Even more frightening was the short-faced bear. Standing 13 feet tall and weighing one ton (25 percent larger than the grizzly), the short-faced bear was the largest and most powerful carnivore ever to live in North America. Able to run an astonishing 40 miles an hour for up to a mile and more rapacious than modern bears, it was the most feared predator of them all. An estimated 450 short-faced bears inhabited the Bay Area.
As if those ferocious beasts weren’t enough to give an ungulate—or a feeble bi
ped—indigestion, they were joined by saber-toothed cats, grizzly (brown) bears, dire wolves, scimitar cats, coyotes, and even jaguars, which existed as far north as San Francisco until the 1820s. If an animal was wounded, giant condors with 12-foot wingspans sailed overhead, waiting to pounce.
Together, hunters and hunted made up a bestiary of staggering size and diversity. Parkman estimates that the Bay Area was home to 227,000 bison, 35,000 horses, 7,000 camels, 1,450 mastodons, 725 Columbian mammoths, 450 saber-toothed cats, and 400 dire wolves. And many of these mighty animals would have gone past Arch, Harding, and Shag Rocks.
Parkman calls the area occupied by these rocks, between the Golden Gate, Alcatraz Island, and Angel Island, the “Alcatraz triangle.” The Alcatraz triangle was on the migratory path that led from the Franciscan Valley to the Farallones Plain. The three lofty pinnacles—Harding, the tallest, was more than 300 feet high before its top, like Arch’s, was dynamited as a hazard to navigation—would have provided the first San Franciscans with a perfect ambush site.

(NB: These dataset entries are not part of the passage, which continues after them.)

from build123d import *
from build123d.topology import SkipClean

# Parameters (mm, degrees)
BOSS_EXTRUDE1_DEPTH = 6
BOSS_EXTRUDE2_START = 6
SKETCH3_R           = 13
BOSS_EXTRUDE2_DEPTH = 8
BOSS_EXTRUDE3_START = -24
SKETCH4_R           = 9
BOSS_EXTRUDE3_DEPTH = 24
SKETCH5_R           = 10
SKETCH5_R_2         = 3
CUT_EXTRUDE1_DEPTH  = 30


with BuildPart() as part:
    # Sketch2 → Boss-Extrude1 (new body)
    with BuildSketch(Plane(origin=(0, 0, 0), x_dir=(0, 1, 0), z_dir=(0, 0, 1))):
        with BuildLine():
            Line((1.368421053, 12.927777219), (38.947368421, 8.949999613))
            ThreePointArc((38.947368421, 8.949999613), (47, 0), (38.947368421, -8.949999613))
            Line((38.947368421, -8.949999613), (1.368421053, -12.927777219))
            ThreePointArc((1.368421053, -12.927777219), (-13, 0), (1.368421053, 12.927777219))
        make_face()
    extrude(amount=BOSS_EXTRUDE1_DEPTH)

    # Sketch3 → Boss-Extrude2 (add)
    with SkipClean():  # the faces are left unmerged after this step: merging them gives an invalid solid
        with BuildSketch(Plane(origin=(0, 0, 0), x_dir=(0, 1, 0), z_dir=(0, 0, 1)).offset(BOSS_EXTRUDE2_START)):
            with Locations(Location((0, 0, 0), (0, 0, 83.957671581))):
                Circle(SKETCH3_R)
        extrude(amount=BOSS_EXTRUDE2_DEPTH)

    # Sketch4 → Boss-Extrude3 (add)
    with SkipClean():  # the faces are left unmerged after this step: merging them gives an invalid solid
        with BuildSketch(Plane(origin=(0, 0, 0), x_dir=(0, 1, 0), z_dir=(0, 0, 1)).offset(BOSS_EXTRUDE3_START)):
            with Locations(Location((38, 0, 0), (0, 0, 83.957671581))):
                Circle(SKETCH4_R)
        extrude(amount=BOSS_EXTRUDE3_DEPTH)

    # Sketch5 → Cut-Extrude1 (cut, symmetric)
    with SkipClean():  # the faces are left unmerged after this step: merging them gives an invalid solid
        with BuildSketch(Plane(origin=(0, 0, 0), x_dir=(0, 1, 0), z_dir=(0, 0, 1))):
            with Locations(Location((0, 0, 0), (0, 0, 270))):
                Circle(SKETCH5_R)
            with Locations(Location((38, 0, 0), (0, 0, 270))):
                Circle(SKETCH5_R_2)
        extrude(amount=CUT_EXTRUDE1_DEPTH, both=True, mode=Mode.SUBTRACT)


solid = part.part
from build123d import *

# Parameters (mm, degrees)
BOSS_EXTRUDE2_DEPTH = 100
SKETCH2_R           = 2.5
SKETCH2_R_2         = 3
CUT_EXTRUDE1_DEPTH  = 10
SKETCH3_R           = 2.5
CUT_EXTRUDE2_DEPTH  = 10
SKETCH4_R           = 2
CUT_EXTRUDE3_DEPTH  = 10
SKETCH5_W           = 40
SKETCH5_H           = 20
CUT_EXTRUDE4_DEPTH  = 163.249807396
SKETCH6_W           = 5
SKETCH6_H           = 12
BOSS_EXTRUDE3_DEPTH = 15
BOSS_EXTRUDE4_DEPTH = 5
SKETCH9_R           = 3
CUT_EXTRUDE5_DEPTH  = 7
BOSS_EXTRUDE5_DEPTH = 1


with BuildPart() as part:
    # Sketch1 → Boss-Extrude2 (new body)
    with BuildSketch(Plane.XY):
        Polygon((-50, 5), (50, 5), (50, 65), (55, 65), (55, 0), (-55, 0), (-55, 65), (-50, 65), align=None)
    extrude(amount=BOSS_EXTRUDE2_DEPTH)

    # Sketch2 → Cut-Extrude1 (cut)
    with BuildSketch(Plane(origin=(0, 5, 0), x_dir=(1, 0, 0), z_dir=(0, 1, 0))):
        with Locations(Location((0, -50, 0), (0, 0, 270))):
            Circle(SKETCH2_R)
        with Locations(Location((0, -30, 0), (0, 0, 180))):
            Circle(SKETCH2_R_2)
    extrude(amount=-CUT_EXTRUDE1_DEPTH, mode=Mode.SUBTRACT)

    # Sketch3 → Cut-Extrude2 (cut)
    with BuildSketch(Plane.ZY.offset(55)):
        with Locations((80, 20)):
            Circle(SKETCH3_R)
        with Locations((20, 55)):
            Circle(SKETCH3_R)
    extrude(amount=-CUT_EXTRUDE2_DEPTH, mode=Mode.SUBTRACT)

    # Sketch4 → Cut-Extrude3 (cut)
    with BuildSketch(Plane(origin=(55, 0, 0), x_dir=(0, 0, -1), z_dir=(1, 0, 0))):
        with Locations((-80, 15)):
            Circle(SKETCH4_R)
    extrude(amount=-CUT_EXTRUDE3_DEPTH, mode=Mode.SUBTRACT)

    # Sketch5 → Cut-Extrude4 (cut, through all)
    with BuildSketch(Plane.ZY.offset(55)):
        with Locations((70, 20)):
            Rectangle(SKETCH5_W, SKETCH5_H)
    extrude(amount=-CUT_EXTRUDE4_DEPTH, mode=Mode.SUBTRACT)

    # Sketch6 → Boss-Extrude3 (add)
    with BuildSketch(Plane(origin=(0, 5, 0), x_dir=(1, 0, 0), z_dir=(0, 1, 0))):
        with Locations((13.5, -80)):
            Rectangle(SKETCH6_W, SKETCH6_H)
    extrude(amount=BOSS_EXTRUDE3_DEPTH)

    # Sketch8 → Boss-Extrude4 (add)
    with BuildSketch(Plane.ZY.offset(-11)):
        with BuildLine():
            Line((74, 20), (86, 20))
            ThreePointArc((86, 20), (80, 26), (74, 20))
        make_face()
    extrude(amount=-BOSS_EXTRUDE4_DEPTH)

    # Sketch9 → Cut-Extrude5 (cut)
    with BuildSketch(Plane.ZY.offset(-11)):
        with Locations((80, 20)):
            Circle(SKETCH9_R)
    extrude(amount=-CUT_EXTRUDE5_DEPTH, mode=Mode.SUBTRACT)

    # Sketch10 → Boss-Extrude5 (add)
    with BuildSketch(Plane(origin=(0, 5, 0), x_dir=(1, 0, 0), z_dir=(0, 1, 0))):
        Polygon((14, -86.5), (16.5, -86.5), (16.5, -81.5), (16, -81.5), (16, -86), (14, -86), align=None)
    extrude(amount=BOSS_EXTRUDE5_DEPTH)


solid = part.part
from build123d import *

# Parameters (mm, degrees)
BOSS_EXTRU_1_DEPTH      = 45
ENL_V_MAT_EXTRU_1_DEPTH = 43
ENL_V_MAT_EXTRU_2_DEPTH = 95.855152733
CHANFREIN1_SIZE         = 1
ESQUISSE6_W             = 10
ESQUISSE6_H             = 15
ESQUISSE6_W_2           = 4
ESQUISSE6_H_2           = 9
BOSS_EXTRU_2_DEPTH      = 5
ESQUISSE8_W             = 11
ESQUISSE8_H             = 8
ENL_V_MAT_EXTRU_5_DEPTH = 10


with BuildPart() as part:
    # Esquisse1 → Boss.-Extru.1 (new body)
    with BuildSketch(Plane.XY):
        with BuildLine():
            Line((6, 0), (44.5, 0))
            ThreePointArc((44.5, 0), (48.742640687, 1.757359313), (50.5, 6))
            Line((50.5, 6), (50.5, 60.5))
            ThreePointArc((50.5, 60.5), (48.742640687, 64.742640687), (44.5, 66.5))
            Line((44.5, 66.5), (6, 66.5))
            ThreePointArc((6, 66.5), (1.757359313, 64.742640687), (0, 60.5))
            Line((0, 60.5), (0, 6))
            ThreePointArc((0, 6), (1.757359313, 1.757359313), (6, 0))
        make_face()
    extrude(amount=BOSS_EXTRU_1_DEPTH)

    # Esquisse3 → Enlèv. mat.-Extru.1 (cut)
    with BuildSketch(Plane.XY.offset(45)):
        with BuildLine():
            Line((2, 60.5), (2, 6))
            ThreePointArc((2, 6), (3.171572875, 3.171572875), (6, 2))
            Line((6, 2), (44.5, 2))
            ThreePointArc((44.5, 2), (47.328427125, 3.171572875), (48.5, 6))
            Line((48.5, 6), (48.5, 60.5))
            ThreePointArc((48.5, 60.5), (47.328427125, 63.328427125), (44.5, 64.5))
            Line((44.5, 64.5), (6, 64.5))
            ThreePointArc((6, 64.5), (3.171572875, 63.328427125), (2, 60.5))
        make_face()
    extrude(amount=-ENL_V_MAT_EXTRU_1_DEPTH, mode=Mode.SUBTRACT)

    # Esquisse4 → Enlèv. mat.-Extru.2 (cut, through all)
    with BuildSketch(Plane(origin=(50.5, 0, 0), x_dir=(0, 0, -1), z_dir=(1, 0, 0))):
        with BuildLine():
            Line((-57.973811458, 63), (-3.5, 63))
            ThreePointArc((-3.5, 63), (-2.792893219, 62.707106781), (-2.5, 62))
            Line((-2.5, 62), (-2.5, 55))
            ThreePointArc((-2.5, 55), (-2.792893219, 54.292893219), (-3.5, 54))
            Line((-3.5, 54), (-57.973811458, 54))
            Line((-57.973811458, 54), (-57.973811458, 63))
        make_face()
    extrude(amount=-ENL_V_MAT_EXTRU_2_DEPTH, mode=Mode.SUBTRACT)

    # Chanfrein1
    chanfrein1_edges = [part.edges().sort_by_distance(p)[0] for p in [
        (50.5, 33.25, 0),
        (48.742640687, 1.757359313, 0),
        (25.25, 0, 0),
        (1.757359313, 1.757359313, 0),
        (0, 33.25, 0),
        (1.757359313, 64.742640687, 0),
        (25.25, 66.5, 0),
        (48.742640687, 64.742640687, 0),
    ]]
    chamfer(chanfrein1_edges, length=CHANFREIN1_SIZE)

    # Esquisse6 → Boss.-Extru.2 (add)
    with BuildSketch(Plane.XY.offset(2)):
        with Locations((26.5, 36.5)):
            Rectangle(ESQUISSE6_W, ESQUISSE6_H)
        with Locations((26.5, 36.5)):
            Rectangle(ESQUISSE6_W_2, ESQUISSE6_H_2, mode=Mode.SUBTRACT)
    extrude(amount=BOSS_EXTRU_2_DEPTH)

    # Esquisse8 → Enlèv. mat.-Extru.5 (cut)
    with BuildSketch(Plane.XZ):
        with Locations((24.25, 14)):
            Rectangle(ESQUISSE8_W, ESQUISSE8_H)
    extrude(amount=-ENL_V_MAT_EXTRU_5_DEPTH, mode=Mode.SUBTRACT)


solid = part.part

The hunters would have gone after the smaller, less ferocious animals like the bison, the horses, and the tapirs. But desperation could have led them to take on even dangerous behemoths like the Columbian mammoth. Working in small groups, they would have leaped out, surrounded their prey, and tried to spear it in its underbelly or throat. If they succeeded in wounding it, they would follow it until it collapsed from loss of blood or infection. It would have been extremely dangerous work. But a successful hunt could feed their band for weeks.